Es así como los españoles han cultivado durante siglos una actitud vital que ni pintada a propósito si uno quisiera hacerse inútil para la ciencia, para la investigación, para la eficacia. Porque ciencia, investigación y eficacia exigen la duda metódica, la continua introspección para indagar qué es lo que ha fallado, qué es lo que uno ha hecho mal. Y exigen, sobre todo, actuar por aproximaciones y rectificaciones sucesivas y metódicas. Por saber que el error de ayer es un hallazgo porque enseñó un camino que NO hay que recorrer y es a fuerza de reconocer TODOS los caminos que no llevan a ninguna parte como se encuentra el camino que sí saca del laberinto.
Sólo la extensión de ese "vicio español" entre los españoles puede explicar que el más ineficaz, el más torpe, el más cogido en flagrantes mentiras, el que con más desfachatez miente por mitad de la barba, el más indigente intelectual y moralmente hablando de los Ministros de Aznar sea el más popular y mejor valorado según repiten vez tras vez las encuestas. De Mayor Oreja hablo, claro está.
Del que juro que espero que cualquier día, para callarnos la boca a los que nos empecinamos en denunciar que sus subordinados torturan, cambiará el nombre de su Ministerio para que en vez de llamarse del Interior pase a llamarse Ministerio del Amor. De forma que quede claro que él nos ama. Y que si alguno de sus sayones nos hace daño al torturarnos, es por nuestro bien. Que, como reza un feroz refrán español, lo que pasa es que "Quien bien te quiere te hará llorar". Porque, otro feroz refrán español dixit, "La letra con sangre entra". Y, aunque sea a palos, nos va a enseñar a recitar la fórmula de sumisión que nos hará felices.
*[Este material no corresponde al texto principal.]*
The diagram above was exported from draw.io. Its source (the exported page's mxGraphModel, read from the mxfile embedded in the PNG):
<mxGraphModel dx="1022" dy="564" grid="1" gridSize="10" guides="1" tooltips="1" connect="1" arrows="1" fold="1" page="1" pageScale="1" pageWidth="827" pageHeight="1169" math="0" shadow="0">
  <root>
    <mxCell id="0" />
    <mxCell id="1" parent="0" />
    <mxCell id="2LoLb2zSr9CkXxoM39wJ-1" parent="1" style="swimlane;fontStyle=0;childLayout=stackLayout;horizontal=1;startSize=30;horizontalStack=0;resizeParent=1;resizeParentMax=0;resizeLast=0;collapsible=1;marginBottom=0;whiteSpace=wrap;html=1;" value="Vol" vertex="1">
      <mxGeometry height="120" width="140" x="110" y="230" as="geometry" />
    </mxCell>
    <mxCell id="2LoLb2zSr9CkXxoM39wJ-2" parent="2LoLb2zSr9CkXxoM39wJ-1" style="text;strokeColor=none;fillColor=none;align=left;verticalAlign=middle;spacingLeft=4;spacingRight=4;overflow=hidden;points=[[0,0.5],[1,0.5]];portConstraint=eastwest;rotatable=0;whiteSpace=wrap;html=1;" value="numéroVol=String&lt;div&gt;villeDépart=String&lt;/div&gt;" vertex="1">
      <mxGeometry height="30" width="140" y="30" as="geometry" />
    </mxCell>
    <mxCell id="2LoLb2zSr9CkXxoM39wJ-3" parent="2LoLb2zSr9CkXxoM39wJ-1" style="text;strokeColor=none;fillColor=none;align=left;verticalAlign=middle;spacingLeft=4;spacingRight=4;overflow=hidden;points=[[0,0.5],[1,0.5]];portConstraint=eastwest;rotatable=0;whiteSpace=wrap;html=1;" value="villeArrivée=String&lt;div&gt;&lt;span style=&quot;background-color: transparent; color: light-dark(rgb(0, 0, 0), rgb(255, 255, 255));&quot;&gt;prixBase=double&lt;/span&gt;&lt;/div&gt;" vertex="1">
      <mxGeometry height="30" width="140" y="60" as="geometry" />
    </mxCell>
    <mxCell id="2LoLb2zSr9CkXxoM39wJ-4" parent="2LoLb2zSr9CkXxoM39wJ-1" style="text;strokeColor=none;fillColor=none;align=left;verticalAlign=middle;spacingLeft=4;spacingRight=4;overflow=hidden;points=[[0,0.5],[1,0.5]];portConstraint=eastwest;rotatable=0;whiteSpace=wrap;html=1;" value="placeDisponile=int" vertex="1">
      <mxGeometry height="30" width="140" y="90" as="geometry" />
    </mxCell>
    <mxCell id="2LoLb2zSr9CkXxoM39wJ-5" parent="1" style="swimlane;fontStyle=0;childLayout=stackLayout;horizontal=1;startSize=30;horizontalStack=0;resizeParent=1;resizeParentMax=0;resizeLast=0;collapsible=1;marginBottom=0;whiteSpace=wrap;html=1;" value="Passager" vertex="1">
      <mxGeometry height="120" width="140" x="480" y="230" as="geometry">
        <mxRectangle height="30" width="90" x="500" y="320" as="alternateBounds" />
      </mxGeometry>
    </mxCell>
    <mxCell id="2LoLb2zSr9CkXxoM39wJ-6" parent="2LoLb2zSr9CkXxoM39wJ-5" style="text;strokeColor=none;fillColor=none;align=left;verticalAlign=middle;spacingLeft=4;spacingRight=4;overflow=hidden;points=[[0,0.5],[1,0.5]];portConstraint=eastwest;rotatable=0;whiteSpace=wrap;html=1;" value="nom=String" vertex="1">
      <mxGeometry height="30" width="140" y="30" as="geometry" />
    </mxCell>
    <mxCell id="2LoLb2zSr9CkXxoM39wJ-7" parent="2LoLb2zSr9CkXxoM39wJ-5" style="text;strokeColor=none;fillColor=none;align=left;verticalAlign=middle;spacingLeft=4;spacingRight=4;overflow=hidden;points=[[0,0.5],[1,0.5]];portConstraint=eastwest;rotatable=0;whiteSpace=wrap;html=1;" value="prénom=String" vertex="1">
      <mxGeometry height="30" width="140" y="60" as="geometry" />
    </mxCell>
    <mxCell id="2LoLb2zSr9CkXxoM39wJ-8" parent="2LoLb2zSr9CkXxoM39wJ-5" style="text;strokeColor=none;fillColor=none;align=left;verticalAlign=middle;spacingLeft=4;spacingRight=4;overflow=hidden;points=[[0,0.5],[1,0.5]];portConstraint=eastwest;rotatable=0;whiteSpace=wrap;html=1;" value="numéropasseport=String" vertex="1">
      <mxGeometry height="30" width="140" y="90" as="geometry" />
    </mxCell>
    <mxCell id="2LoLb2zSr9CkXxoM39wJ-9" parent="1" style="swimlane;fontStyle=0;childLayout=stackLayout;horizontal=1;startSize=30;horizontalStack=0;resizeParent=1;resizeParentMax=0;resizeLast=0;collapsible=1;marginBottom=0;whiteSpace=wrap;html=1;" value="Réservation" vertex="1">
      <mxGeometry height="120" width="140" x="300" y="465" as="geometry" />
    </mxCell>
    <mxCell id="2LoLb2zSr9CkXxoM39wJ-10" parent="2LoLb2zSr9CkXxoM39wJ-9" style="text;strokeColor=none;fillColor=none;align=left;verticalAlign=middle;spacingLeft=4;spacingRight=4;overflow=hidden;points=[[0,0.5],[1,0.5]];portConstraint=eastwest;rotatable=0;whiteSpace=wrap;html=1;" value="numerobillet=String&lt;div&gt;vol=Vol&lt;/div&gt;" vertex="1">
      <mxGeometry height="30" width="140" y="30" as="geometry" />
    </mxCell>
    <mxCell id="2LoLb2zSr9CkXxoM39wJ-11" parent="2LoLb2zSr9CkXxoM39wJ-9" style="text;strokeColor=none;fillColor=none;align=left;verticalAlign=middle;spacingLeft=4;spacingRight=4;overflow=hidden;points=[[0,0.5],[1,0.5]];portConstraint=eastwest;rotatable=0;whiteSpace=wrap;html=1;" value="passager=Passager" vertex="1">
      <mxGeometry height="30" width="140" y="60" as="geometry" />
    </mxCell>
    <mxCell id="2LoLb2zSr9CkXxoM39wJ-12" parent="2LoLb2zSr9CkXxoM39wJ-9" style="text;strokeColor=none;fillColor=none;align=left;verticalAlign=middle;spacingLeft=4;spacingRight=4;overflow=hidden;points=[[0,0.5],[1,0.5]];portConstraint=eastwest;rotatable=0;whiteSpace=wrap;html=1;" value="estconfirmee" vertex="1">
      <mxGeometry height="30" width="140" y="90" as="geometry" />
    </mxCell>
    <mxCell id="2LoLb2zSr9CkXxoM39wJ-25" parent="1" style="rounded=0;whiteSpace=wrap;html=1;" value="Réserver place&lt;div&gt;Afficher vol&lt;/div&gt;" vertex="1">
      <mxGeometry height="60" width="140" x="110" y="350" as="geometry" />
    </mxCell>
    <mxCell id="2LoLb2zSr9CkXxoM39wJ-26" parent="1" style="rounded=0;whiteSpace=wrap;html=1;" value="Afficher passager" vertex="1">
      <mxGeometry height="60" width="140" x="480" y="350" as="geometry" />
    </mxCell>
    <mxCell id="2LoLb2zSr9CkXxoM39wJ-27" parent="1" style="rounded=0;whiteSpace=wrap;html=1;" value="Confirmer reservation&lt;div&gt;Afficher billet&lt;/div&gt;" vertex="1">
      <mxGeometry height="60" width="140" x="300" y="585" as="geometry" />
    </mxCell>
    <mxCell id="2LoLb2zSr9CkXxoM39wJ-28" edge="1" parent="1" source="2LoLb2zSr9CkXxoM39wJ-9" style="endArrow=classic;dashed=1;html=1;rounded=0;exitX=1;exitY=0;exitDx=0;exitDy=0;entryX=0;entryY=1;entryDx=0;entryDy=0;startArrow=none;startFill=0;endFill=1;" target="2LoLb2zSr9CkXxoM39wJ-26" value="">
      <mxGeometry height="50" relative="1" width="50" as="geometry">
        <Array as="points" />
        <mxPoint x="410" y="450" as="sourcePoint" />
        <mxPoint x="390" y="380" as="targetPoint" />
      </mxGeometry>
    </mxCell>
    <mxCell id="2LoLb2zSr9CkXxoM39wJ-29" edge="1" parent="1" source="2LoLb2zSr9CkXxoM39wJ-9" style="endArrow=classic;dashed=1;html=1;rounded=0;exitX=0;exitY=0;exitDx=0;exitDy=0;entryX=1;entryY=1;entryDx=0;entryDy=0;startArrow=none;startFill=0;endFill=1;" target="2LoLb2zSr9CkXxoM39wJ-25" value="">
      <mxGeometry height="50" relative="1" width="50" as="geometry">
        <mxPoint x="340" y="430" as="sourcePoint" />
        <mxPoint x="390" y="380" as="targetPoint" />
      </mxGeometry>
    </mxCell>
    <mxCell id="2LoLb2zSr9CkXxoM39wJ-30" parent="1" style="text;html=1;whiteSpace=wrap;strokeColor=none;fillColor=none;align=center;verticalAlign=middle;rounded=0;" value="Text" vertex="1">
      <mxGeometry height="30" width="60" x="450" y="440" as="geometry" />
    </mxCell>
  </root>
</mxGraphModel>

No importa si se falla. SOSTENELLA Y NO ENMENDALLA. Sereno, impasible el ademán, hablando bajito, el Ministro Oreja ilustra a los que no saben, ilumina a los ignorantes, deslumbra a la prensa. Y, lento y suave, gozando la pelota de las mentiras al golpearla, desgrana ante los micrófonos y las cámaras su lección de gramática.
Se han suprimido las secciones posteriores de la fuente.